Alberta is taking a research-based approach, with plans to roll out components over 5 years. “We don't want to overwhelm capacity by launching right away,” says Dr. Huiming Yang, medical leader for the Alberta Colorectal Cancer Screening Program.
With funding from the $500 million Alberta Cancer Prevention Legacy Fund, the program will begin with an intensive education campaign to encourage 50- to 74-year-olds at average risk to get screening. Future plans include developing clinical practice guidelines for physicians and distributing fecal occult blood test kits. “This will be a population based, sustainable program,” says Yang.
Dr. Brent Schacter, former president of Cancer Care Manitoba (see page 556 ) and current president of the Canadian Association of Provincial Cancer Agencies, says other provinces are also considering screening programs, but they are complex, costly and involve large numbers of people.
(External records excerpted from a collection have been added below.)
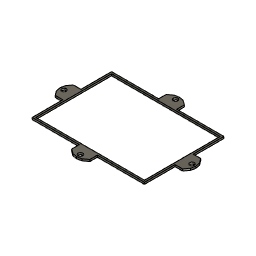
blimp_PCB (Autodesk Fusion 360 archive; units mm, degrees)
design "drzak_kamera"
Autodesk Fusion 360 part; units mm, degrees
(part 1 of 2)
sketch "Sketch1" plane through (0, 0, 0) normal (0, 0, 1) x (1, 0, 0)
  line L0 (29.9, -20.85) -> (-29.9, -20.85)
  line L1 (-29.9, -20.85) -> (-29.9, 20.85)
  line L2 (-29.9, 20.85) -> (29.9, 20.85)
  line L3 (29.9, 20.85) -> (29.9, -20.85)
  line L4 (29.9, -20.85) -> (-29.9, 20.85) construction
  line L5 (-29.9, -20.85) -> (29.9, 20.85) construction
  line L6 (30.9, -21.85) -> (-30.9, -21.85)
  line L7 (-30.9, -21.85) -> (-30.9, 21.85)
  line L8 (-30.9, 21.85) -> (30.9, 21.85)
  line L9 (30.9, 21.85) -> (30.9, -21.85)
  line L10 (30.9, -21.85) -> (-30.9, 21.85) construction
  line L11 (-30.9, -21.85) -> (30.9, 21.85) construction
  dimension "d5" = 41.7
  dimension "d6" = 59.8
  dimension "d8" = 1
  dimension "d9" = 1
  constraint horizontal L0
  constraint perpendicular L0 L1
  constraint parallel L0 L2
  constraint parallel L1 L3
  constraint coincident L4 origin
  constraint coincident L5 origin
  constraint horizontal L6
  constraint perpendicular L6 L7
  constraint parallel L6 L8
  constraint parallel L7 L9
  constraint coincident L10 origin
  constraint coincident L11 origin
  measures "d5" distance of L0 L2
  measures "d6" distance of L1 L3
  measures "d8" distance of L3 L9
  measures "d9" distance of L2 L8
extrude "Extrude1" add sketch "Sketch1" along normal blind 20 makes body 1
extrude "Extrude2" add sketch "Sketch1" against normal blind 1 contours L0 L1 L2 L3 | L6 L7 L8 L9 bodies 1
sketch "Sketch2" plane through (0, 0, -1) normal (0, 0, -1) x (1, 0, 0)
  line L0 (-30.9, -21.85) -> (30.9, -21.85)
  line L1 (30.9, -21.85) -> (30.9, 21.85)
  line L2 (30.9, 21.85) -> (-30.9, 21.85)
  line L3 (-30.9, 21.85) -> (-30.9, -21.85)
  line L4 (29.9, -20.85) -> (29.9, 20.85)
  line L5 (29.9, 20.85) -> (-29.9, 20.85)
  line L6 (-29.9, -20.85) -> (29.9, -20.85)
  line L7 (-29.9, 20.85) -> (-29.9, -20.85)
  circle A0 centre (-14.1, -6.05) radius 10.8
  line L8 (-14.1, -6.05) -> (-14.1, -20.1) construction
  line L9 (-14.1, -6.05) -> (-11.3071, -6.05) construction
  line L10 (-14.1, -6.05) -> (-26.7, -6.05) construction
  point P0 (-14.1, -16.85)
  point P1 (-24.9, -6.05)
  dimension "d16" = 4
  dimension "d18" = 21.6
  dimension "d22" = 5
  constraint coincident A0.centre L8.start
  constraint perpendicular L0 L8
  constraint coincident A0 P0
  constraint coincident L8 P0
  constraint perpendicular L8 L9
  constraint perpendicular L8 L10
  constraint coincident A0 P1
  constraint coincident L10 P1
  measures "d16" distance of L6 P0
  measures "d18" diameter of A0
  measures "d22" distance of L7 P1
extrude "Extrude3" cut sketch "Sketch2" against normal blind 10 contours A0 bodies 1
sketch "Sketch4" plane through (0, 0, 20) normal (0, 0, 1) x (-1, 0, 0)
  line L0 (29.9, -20.85) -> (-29.9, -20.85)
  line L1 (-29.9, -20.85) -> (-29.9, 20.85)
  line L2 (-29.9, 20.85) -> (29.9, 20.85)
  line L3 (29.9, 20.85) -> (29.9, -20.85)
  line L4 (-30.9, -21.85) -> (30.9, -21.85)
  line L5 (30.9, -21.85) -> (30.9, 21.85)
  line L6 (30.9, 21.85) -> (-30.9, 21.85)
  line L7 (-30.9, 21.85) -> (-30.9, -21.85)
  circle A0 centre (0, 21.85) radius 6.5 construction
  line L8 (5, 21.85) -> (5, 29.4381)
  line L9 (0, 21.85) -> (0, 31.6147) construction
  line L10 (-5, 21.85) -> (-5, 29.4381)
  line L11 (0, 0) -> (38, 0) construction
  circle A1 centre (30.9, 0) radius 6.5
  line L12 (30.9, 5) -> (35.0533, 5)
  line L13 (30.9, -5) -> (35.0533, -5)
  circle A2 centre (0, 26.1833) radius 1.25
  line L14 (-30.9, 21.85) -> (30.9, 21.85)
  circle A3 centre (35.2333, 0) radius 1.25
  line L15 (30.9, 21.85) -> (30.9, -21.85)
  line L16 (0, 28.35) -> (2.5, 27.85)
  line L17 (2.5, 27.85) -> (5, 26.0033)
  line L18 (-2.5, 27.85) -> (-5, 26.0033)
  line L19 (0, 28.35) -> (-2.5, 27.85)
  line L20 (37.4, 0) -> (36.9, 2.5)
  line L21 (36.9, 2.5) -> (35.0533, 5)
  line L22 (37.4, 0) -> (36.9, -2.5)
  line L23 (36.9, -2.5) -> (35.0533, -5)
  line L24 (-5, -21.85) -> (-5, -29.4381)
  line L25 (5, -21.85) -> (5, -29.4381)
  line L26 (2.5, -27.85) -> (5, -26.0033)
  line L27 (0, -28.35) -> (2.5, -27.85)
  line L28 (0, -28.35) -> (-2.5, -27.85)
  line L29 (-2.5, -27.85) -> (-5, -26.0033)
  circle A4 centre (0, -26.1833) radius 1.25
  line L30 (0, 0) -> (0, -18) construction
  line L31 (-36.9, -2.5) -> (-35.0533, -5)
  line L32 (-37.4, 0) -> (-36.9, -2.5)
  line L33 (-37.4, 0) -> (-36.9, 2.5)
  line L34 (-36.9, 2.5) -> (-35.0533, 5)
  line L35 (-30.9, 5) -> (-35.0533, 5)
  line L36 (-30.9, -5) -> (-35.0533, -5)
  circle A5 centre (-35.2333, 0) radius 1.25
  dimension "d64" = 13
  dimension "d65" = 5
  dimension "d66" = 5
  dimension "d67" = 13
  dimension "d108" = 4.3333
  dimension "d110" = 4.3333
  dimension "d111" = 2.5
  dimension "d136" = 2.5
  dimension "d137" = 2.5
  dimension "d138" = 2.5
  constraint midpoint L6 A0.centre
  constraint coincident L6 L8.start
  constraint perpendicular L6 L8
  constraint coincident A0.centre L9.start
  constraint perpendicular L6 L9
  constraint symmetric L8.start L9 L10.start
  constraint symmetric L8.end L9 L10.end
  constraint coincident L11.start L30.start
  constraint perpendicular L5 L11
  constraint midpoint L5 A1.centre
  constraint coincident L5 L12.start
  constraint perpendicular L5 L12
  constraint symmetric L11 L12.start L13.start
  constraint symmetric L11 L12.end L13.end
  constraint coincident L9 A2.centre
  constraint coincident L11 A3.centre
  constraint coincident A0 L16.start
  constraint coincident L9 L16.start
  constraint coincident A0 L16.end
  constraint coincident L8 L17.end
  constraint coincident A0 L17.end
  constraint symmetric L9 L16.start L19.start
  constraint symmetric L9 L16.end L18.start
  constraint symmetric L9 L17.end L18.end
  constraint coincident A1 L20.start
  constraint coincident L11 L20.start
  constraint coincident A1 L20.end
  constraint coincident A1 L12.end
  constraint symmetric L11 L20.start L22.start
  constraint symmetric L11 L20.end L22.end
  constraint symmetric L8.start L11 L25.start
  constraint symmetric L8.end L11 L25.end
  constraint symmetric L10.start L11 L24.start
  constraint symmetric L10.end L11 L24.end
  constraint symmetric L11 A2 A4
  constraint symmetric L11 L16.start L27.start
  constraint symmetric L11 L16.end L26.start
  constraint symmetric L11 L17.end L26.end
  constraint symmetric L11 L18.start L28.end
  constraint symmetric L11 L18.end L29.end
  constraint perpendicular L11 L30
  constraint symmetric L12.start L30 L35.start
  constraint symmetric L12.end L30 L34.end
  constraint symmetric L13.start L30 L36.start
  constraint symmetric L13.end L30 L31.end
  constraint symmetric A3 L30 A5
  constraint symmetric L20.start L30 L32.start
  constraint symmetric L20.end L30 L33.end
  constraint symmetric L22.end L30 L31.start
  measures "d64" diameter of A0
  measures "d65" distance of L8 L9
  measures "d66" distance of L11 L12
  measures "d67" diameter of A1
  measures "d108" distance of A2.centre L14
  measures "d110" distance of A3.centre L15
  measures "d111" diameter of A3
  measures "d136" diameter of A2
  measures "d137" horizontal distance of L16.start L16.end
  measures "d138" vertical distance of L20.start L20.end
extrude "Extrude5" add sketch "Sketch4" against normal blind 2 contours L5 L12 L13 L15 L20 L21 L22 L23 | L4 L24 L25 L26 L27 L28 L29 | L6 L8 L10 L14 L16 L17 L18 L19 | L7 L31 L32 L33 L34 L35 L36 bodies 1
sketch "Sketch9" plane through (0, 0, 0) normal (0, 0, 1) x (1, 0, 0)
  circle A0 centre (-14.1, 6.05) radius 10.8
sketch "Sketch11" plane through (0, 0, 0) normal (0, 0, 1) x (-1, 0, 0)
  circle A0 centre (14.1, -6.05) radius 10.8
  line L0 (29.9, -20.85) -> (29.9, 20.85)
  line L1 (29.9, 20.85) -> (-29.9, 20.85)
  line L2 (-29.9, 20.85) -> (-29.9, -20.85)
  line L3 (-29.9, -20.85) -> (29.9, -20.85)
  line L4 (-17.7, -20.85) -> (-17.7, 20.85) construction
  line L5 (-38, -7.65) -> (9, -7.65) construction
  circle A1 centre (-17.7, -7.65) radius 5.5
  dimension "d139" = 12.2
  dimension "d140" = 13.2
  dimension "d141" = 11
  constraint coincident L3 L4.start
  constraint coincident L1 L4.end
  constraint perpendicular L1 L4
  constraint perpendicular L4 L5
  constraint coincident L5 A1.centre
  constraint coincident L4 A1.centre
  measures "d139" distance of L2 L4
  measures "d140" distance of L3 L5
  measures "d141" diameter of A1
extrude "Extrude9" cut sketch "Sketch11" against normal blind 1 contours A1 bodies 1
sketch "Sketch12" plane through (0, 20.85, 0) normal (0, -1, 0) x (1, 0, 0)
  line L0 (-29.9, 0) -> (29.9, 0)
  line L1 (29.9, 0) -> (29.9, 20)
  line L2 (29.9, 20) -> (-29.9, 20)
  line L3 (-29.9, 20) -> (-29.9, 0)
  line L4 (18.2, 24) -> (18.2, -6) construction
  line L5 (6, 12.3) -> (38.4279, 12.3) construction
  circle A0 centre (18.2, 12.3) radius 5.5
  dimension "d144" = 11.7
  dimension "d147" = 12.3
  dimension "d148" = 11
  constraint perpendicular L0 L4
  constraint perpendicular L1 L5
  constraint coincident L5 A0.centre
  constraint coincident L4 A0.centre
  measures "d144" distance of L1 L4
  measures "d147" distance of L0 L5
  measures "d148" diameter of A0
extrude "Extrude10" cut sketch "Sketch12" against normal blind 1 contours A0 bodies 1
sketch "Sketch13" plane through (0, 0, 0) normal (0, 0, 1) x (-1, 0, 0)
  circle A0 centre (-17.7, -7.65) radius 5.5
  circle A1 centre (14.1, -6.05) radius 10.8
  line L0 (29.9, -20.85) -> (29.9, 20.85)
  line L1 (29.9, 20.85) -> (-29.9, 20.85)
  line L2 (-29.9, 20.85) -> (-29.9, -20.85)
  line L3 (-29.9, -20.85) -> (29.9, -20.85)
  circle A2 centre (-17.7, -7.65) radius 5.5
  circle A3 centre (14.1, -6.05) radius 10.8
  circle A4 centre (14.1, -6.05) radius 11.8
  circle A5 centre (-17.7, -7.65) radius 6.5
  line L4 (28.4, -20.85) -> (28.4, 20.85)
  line L5 (25.06, -20.85) -> (25.06, 20.85)
  line L6 (24.31, -20.85) -> (24.31, 20.85) construction
  line L7 (20.22, -20.85) -> (20.22, 20.85)
  line L8 (23.56, -20.85) -> (23.56, 20.85)
  line L9 (19.47, -20.85) -> (19.47, 20.85) construction
  line L10 (18.72, -20.85) -> (18.72, 20.85)
  line L11 (15.38, -20.85) -> (15.38, 20.85)
  line L12 (13.88, -20.85) -> (13.88, 20.85)
  line L13 (10.54, -20.85) -> (10.54, 20.85)
  line L14 (9.79, -20.85) -> (9.79, 20.85) construction
  line L15 (9.04, -20.85) -> (9.04, 20.85)
  line L16 (5.7, -20.85) -> (5.7, 20.85)
  line L17 (4.2, -20.85) -> (4.2, 20.85)
  line L18 (0.86, -20.85) -> (0.86, 20.85)
  line L19 (-0.64, -20.85) -> (-0.64, 20.85)
  line L20 (-3.98, -20.85) -> (-3.98, 20.85)
  line L21 (-5.48, -20.85) -> (-5.48, 20.85)
  line L22 (-8.82, -20.85) -> (-8.82, 20.85)
  line L23 (-9.57, -20.85) -> (-9.57, 20.85) construction
  line L24 (-10.32, -20.85) -> (-10.32, 20.85)
  line L25 (-13.66, -20.85) -> (-13.66, 20.85)
  line L26 (-15.16, -20.85) -> (-15.16, 20.85)
  line L27 (-18.5, -20.85) -> (-18.5, 20.85)
  line L28 (-20, -20.85) -> (-20, 20.85)
  line L29 (-23.34, -20.85) -> (-23.34, 20.85)
  line L30 (-24.84, -20.85) -> (-24.84, 20.85)
  line L31 (-28.18, -20.85) -> (-28.18, 20.85)
  line L32 (29.9, -19.35) -> (-29.9, -19.35)
  line L33 (29.9, -15.825) -> (-29.9, -15.825)
  line L34 (29.9, -15.075) -> (-29.9, -15.075) construction
  line L35 (29.9, -10.8) -> (-29.9, -10.8)
  line L36 (29.9, -14.325) -> (-29.9, -14.325)
  line L37 (29.9, -10.05) -> (-29.9, -10.05) construction
  line L38 (29.9, -9.3) -> (-29.9, -9.3)
  line L39 (29.9, -5.775) -> (-29.9, -5.775)
  line L40 (29.9, -5.025) -> (-29.9, -5.025) construction
  line L41 (29.9, -4.275) -> (-29.9, -4.275)
  line L42 (29.9, -0.75) -> (-29.9, -0.75)
  line L43 (29.9, 0.75) -> (-29.9, 0.75)
  line L44 (29.9, 4.275) -> (-29.9, 4.275)
  line L45 (29.9, 5.025) -> (-29.9, 5.025) construction
  line L46 (29.9, 5.775) -> (-29.9, 5.775)
  line L47 (29.9, 9.3) -> (-29.9, 9.3)
  line L48 (29.9, 10.8) -> (-29.9, 10.8)
  line L49 (29.9, 14.325) -> (-29.9, 14.325)
  line L50 (29.9, 15.825) -> (-29.9, 15.825)
  line L51 (29.9, 19.35) -> (-29.9, 19.35)
  line L52 (29.9, 20.1) -> (-29.9, 20.1) construction
  dimension "d151" = 1
  dimension "d152" = 1
  dimension "d155" = 1.5
  dimension "d156" = 3.34
  dimension "d157" = 0.75
  dimension "d158" = 0.75
  dimension "d159" = 0.75
  dimension "d160" = 0.75
  dimension "d161" = 1.5
  dimension "d162" = 1.5
  dimension "d163" = 3.34
  dimension "d164" = 3.34
  dimension "d165" = 5.06
  dimension "d166" = 3.34
  dimension "d167" = 1.5
  dimension "d168" = 3.525
  dimension "d169" = 0.75
  dimension "d170" = 0.75
  constraint coincident L3 L4.start
  constraint coincident L1 L4.end
  constraint perpendicular L1 L4
  constraint coincident L3 L5.start
  constraint coincident L1 L5.end
  constraint perpendicular L1 L5
  constraint coincident L3 L6.start
  constraint coincident L1 L6.end
  constraint perpendicular L1 L6
  constraint symmetric L4.start L6 L7.start
  constraint symmetric L4.end L6 L7.end
  constraint symmetric L5.start L6 L8.start
  constraint symmetric L5.end L6 L8.end
  constraint coincident L3 L9.start
  constraint coincident L1 L9.end
  constraint perpendicular L1 L9
  constraint symmetric L4.start L9 L13.start
  constraint symmetric L4.end L9 L13.end
  constraint symmetric L5.start L9 L12.start
  constraint symmetric L5.end L9 L12.end
  constraint symmetric L7.start L9 L10.start
  constraint symmetric L7.end L9 L10.end
  constraint symmetric L8.start L9 L11.start
  constraint symmetric L8.end L9 L11.end
  constraint coincident L3 L14.start
  constraint coincident L1 L14.end
  constraint perpendicular L1 L14
  constraint symmetric L4.start L14 L22.start
  constraint symmetric L4.end L14 L22.end
  constraint symmetric L5.start L14 L21.start
  constraint symmetric L5.end L14 L21.end
  constraint symmetric L7.start L14 L19.start
  constraint symmetric L7.end L14 L19.end
  constraint symmetric L8.start L14 L20.start
  constraint symmetric L8.end L14 L20.end
  constraint symmetric L10.start L14 L18.start
  constraint symmetric L10.end L14 L18.end
  constraint symmetric L11.start L14 L17.start
  constraint symmetric L11.end L14 L17.end
  constraint symmetric L12.start L14 L16.start
  constraint symmetric L12.end L14 L16.end
  constraint symmetric L13.start L14 L15.start
  constraint symmetric L13.end L14 L15.end
  constraint coincident L3 L23.start
  constraint coincident L1 L23.end
  constraint perpendicular L1 L23
  constraint symmetric L20.start L23 L26.start
  constraint symmetric L20.end L23 L26.end
  constraint symmetric L21.start L23 L25.start
  constraint symmetric L21.end L23 L25.end
  constraint symmetric L22.start L23 L24.start
  constraint symmetric L22.end L23 L24.end
  constraint coincident L3 L27.start
  constraint coincident L1 L27.end
  constraint perpendicular L1 L27
  constraint coincident L3 L28.start
  constraint coincident L1 L28.end
  constraint perpendicular L1 L28
  constraint coincident L3 L29.start
  constraint coincident L1 L29.end
  constraint perpendicular L1 L29
  constraint coincident L3 L30.start
  constraint coincident L1 L30.end
  constraint perpendicular L1 L30
  constraint coincident L3 L31.start
  constraint coincident L1 L31.end
  constraint perpendicular L1 L31
  constraint coincident L0 L32.start
  constraint coincident L2 L32.end
  constraint perpendicular L2 L32
  constraint coincident L0 L33.start
  constraint coincident L2 L33.end
  constraint perpendicular L2 L33
  constraint coincident L0 L34.start
  constraint coincident L2 L34.end
  constraint perpendicular L2 L34
  constraint symmetric L32.start L34 L35.start
  constraint symmetric L32.end L34 L35.end
  constraint symmetric L33.start L34 L36.start
  constraint symmetric L33.end L34 L36.end
  constraint coincident L0 L37.start
  constraint coincident L2 L37.end
  constraint perpendicular L2 L37
  constraint symmetric L34.start L37 L40.start
  constraint symmetric L34.end L37 L40.end
  constraint symmetric L35.start L37 L38.start
  constraint symmetric L35.end L37 L38.end
  constraint symmetric L36.start L37 L39.start
  constraint symmetric L36.end L37 L39.end
  constraint symmetric L34.start L40 L45.start
  constraint symmetric L34.end L40 L45.end
  constraint symmetric L35.start L40 L43.start
  constraint symmetric L35.end L40 L43.end
  constraint symmetric L36.start L40 L44.start
  constraint symmetric L36.end L40 L44.end
  constraint symmetric L38.start L40 L42.start
  constraint symmetric L38.end L40 L42.end
  constraint symmetric L39.start L40 L41.start
  constraint symmetric L39.end L40 L41.end
  constraint symmetric L37.start L45 L52.start
  constraint symmetric L37.end L45 L52.end
  constraint symmetric L38.start L45 L51.start
  constraint symmetric L38.end L45 L51.end
  constraint symmetric L39.start L45 L50.start
  constraint symmetric L39.end L45 L50.end
  constraint symmetric L41.start L45 L49.start
  constraint symmetric L41.end L45 L49.end
  constraint symmetric L42.start L45 L48.start
  constraint symmetric L42.end L45 L48.end
  constraint symmetric L43.start L45 L47.start
  constraint symmetric L43.end L45 L47.end
  constraint symmetric L44.start L45 L46.start
  constraint symmetric L44.end L45 L46.end
  measures "d155" distance of L0 L4
  measures "d156" distance of L4 L5
  measures "d157" distance of L5 L6
  measures "d158" distance of L7 L9
  measures "d159" distance of L13 L14
  measures "d160" distance of L22 L23
  measures "d161" distance of L27 L28
  measures "d162" distance of L29 L30
  measures "d163" distance of L26 L27
  measures "d164" distance of L28 L29
  measures "d165" distance of L2 L30
  measures "d166" distance of L30 L31
  measures "d167" distance of L3 L32
  measures "d168" distance of L32 L33
  measures "d169" distance of L33 L34
  measures "d170" distance of L35 L37
extrude "Extrude11" cut sketch "Sketch13" against normal blind 1 contours A5 L24 L38 L39 | A5 L24 L25 L41 L42 | A5 L24 L25 L35 L36 | L21 L22 L38 L39 | A5 L26 L27 L42 | L21 L22 L41 L42 | A5 L26 L27 L36 | L21 L22 L35 L36 | L24 L25 L43 L44 | L19 L20 L38 L39 | L24 L25 L32 L33 | A5 L28 L29 L41 L42 | L26 L27 L43 L44 | L21 L22 L43 L44 | L19 L20 L41 L42 | A5 L28 L29 L36 | L26 L27 L32 L33 | L21 L22 L32 L33 | L19 L20 L35 L36 | L24 L25 L46 L47 | A4 L18 L38 L39 | L28 L29 L43 L44 | L26 L27 L46 L47 | L21 L22 L46 L47 | L19 L20 L43 L44 | A4 L18 L41 L42 | L30 L31 L38 L39 | L28 L29 L32 L33 | L19 L20 L32 L33 | A4 L17 L18 L35 L36 | L30 L31 L41 L42 | L24 L25 L48 L49 | L30 L31 L35 L36 | L28 L29 L46 L47 | L30 L31 L43 L44 | L26 L27 L48 L49 | L21 L22 L48 L49 | L19 L20 L46 L47 | L17 L18 L43 L44 | L30 L31 L32 L33 | L17 L18 L32 L33 | L24 L25 L50 L51 | L28 L29 L48 L49 | L30 L31 L46 L47 | L26 L27 L50 L51 | L21 L22 L50 L51 | L19 L20 L48 L49 | L17 L18 L46 L47 | A4 L15 L16 L32 L33 | A4 L16 L44 | L28 L29 L50 L51 | L30 L31 L48 L49 | L19 L20 L50 L51 | L17 L18 L48 L49 | L15 L16 L46 L47 | A4 L12 L13 L32 | L30 L31 L50 L51 | L17 L18 L50 L51 | L15 L16 L48 L49 | L12 L13 L46 L47 | A4 L10 L11 L32 | L15 L16 L50 L51 | L12 L13 L48 L49 | L10 L11 L46 L47 | A4 L7 L8 L32 L33 | L12 L13 L50 L51 | L10 L11 L48 L49 | L7 L8 L46 L47 | A4 L7 L8 L44 | A4 L4 L38 L39 | L4 L5 L32 L33 | A4 L8 L36 | L10 L11 L50 L51 | L7 L8 L48 L49 | L4 L5 L46 L47 | A4 L4 L5 L41 L42 | L4 L5 L35 L36 | L4 L5 L43 L44 | L7 L8 L50 L51 | L4 L5 L48 L49 | L4 L5 L50 L51 bodies 1
sketch "Sketch14" plane through (0, 20.85, 0) normal (0, -1, 0) x (1, 0, 0)
  circle A0 centre (18.2, 12.3) radius 5.5
  line L0 (-29.9, 0) -> (29.9, 0)
  line L1 (29.9, 0) -> (29.9, 20)
  line L2 (29.9, 20) -> (-29.9, 20)
  line L3 (-29.9, 20) -> (-29.9, 0)
  line L4 (5, 18) -> (5, 20)
  line L5 (-5, 18) -> (5, 18)
  line L6 (-5, 20) -> (-5, 18)
  line L7 (-6, 20) -> (-6, 17)
  line L8 (-6, 17) -> (6, 17)
  line L9 (6, 17) -> (6, 20)
  circle A1 centre (18.2, 12.3) radius 6.5
  line L10 (-29.9, 18.5) -> (29.9, 18.5)
  line L11 (-29.9, 15.375) -> (29.9, 15.375)
  line L12 (-29.9, 14.625) -> (29.9, 14.625) construction
  line L13 (-29.9, 13.875) -> (29.9, 13.875)
  line L14 (-29.9, 10.75) -> (29.9, 10.75)
  line L15 (-29.9, 10) -> (29.9, 10) construction
  line L16 (-29.9, 9.25) -> (29.9, 9.25)
  line L17 (-29.9, 6.125) -> (29.9, 6.125)
  line L18 (-29.9, 5.375) -> (29.9, 5.375) construction
  line L19 (-29.9, 4.625) -> (29.9, 4.625)
  line L20 (-29.9, 1.5) -> (29.9, 1.5)
  line L21 (-28.4, 20) -> (-28.4, 0)
  line L22 (-25.06, 20) -> (-25.06, 0)
  line L23 (-24.31, 20) -> (-24.31, 0) construction
  line L24 (-20.22, 20) -> (-20.22, 0)
  line L25 (-23.56, 20) -> (-23.56, 0)
  line L26 (-19.47, 20) -> (-19.47, 0) construction
  line L27 (-18.72, 20) -> (-18.72, 0)
  line L28 (-15.38, 20) -> (-15.38, 0)
  line L29 (-14.63, 20) -> (-14.63, 0) construction
  line L30 (-13.88, 20) -> (-13.88, 0)
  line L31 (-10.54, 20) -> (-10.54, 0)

The movement to establish national breast cancer screening took almost 10 years, he points out.
There is hope that screening programs could evolve more quickly with help from the Canadian Partnership Against Cancer, a national network of cancer specialists that provides expertise to provincial health ministries and cancer agencies, says Schacter.
“The concept behind population-based screening is that you're pushing a test to well people,” he says. “There are people of a certain age where the risks are very high. The bottom line is that you've got to be fairly open at the front end to make it easy for the patients to get involved.”
Cancer program puts family physicians at the frontline
A unique Manitoba program is helping family physicians reclaim a primary role on the front line of cancer treatment.
The Urban Primary Care Oncology Network, thought to be the only program of its kind in Canada, is being hailed by Cancer Care Manitoba as the critical link between patients and the information they need about cancer screening, detection and treatment.
In place since 2004, the network links about 90 family physicians working in 15 group practices in Winnipeg and surrounding rural communities with Cancer Care Manitoba. The program provides those doctors with the latest information on cancer treatment, and counsels them on how to communicate with patients on all aspects of cancer diagnosis and treatment.
Dr. Jeff Sisler, director of primary care oncology for Cancer Care Manitoba, says the network is trying to keep the family physician as the primary source of information for all cancer patients. Many cancer patients suffer from a lack of information because either they don't have a regular family physician, or their doctors are not kept in the loop by cancer professionals, he says.
The network designates 1 physician at each group practice as the lead doctor for all cancer related issues, Sisler says. The other physicians use that lead doctor to get information about screening, detection and treatment whenever a patient has questions, he adds.
The group practice also gets access to a unique “electronic chart” that uses software developed at Cancer Care Manitoba to track every exam, doctor's note and treatment decision for all cancer patients in the province, he says.
Early results show that the network is succeeding in its primary goal of providing patients with more and better information about cancer, from initial screening to treatment, Sisler says. In addition, the program has been effective in helping cancer patients find full-time family doctors. At the onset of the network program, only 40% of Manitoba cancer patients had a regular family physician. The most recent data show that more than 80% of patients tracked by Cancer Care Manitoba now have a regular family doctor.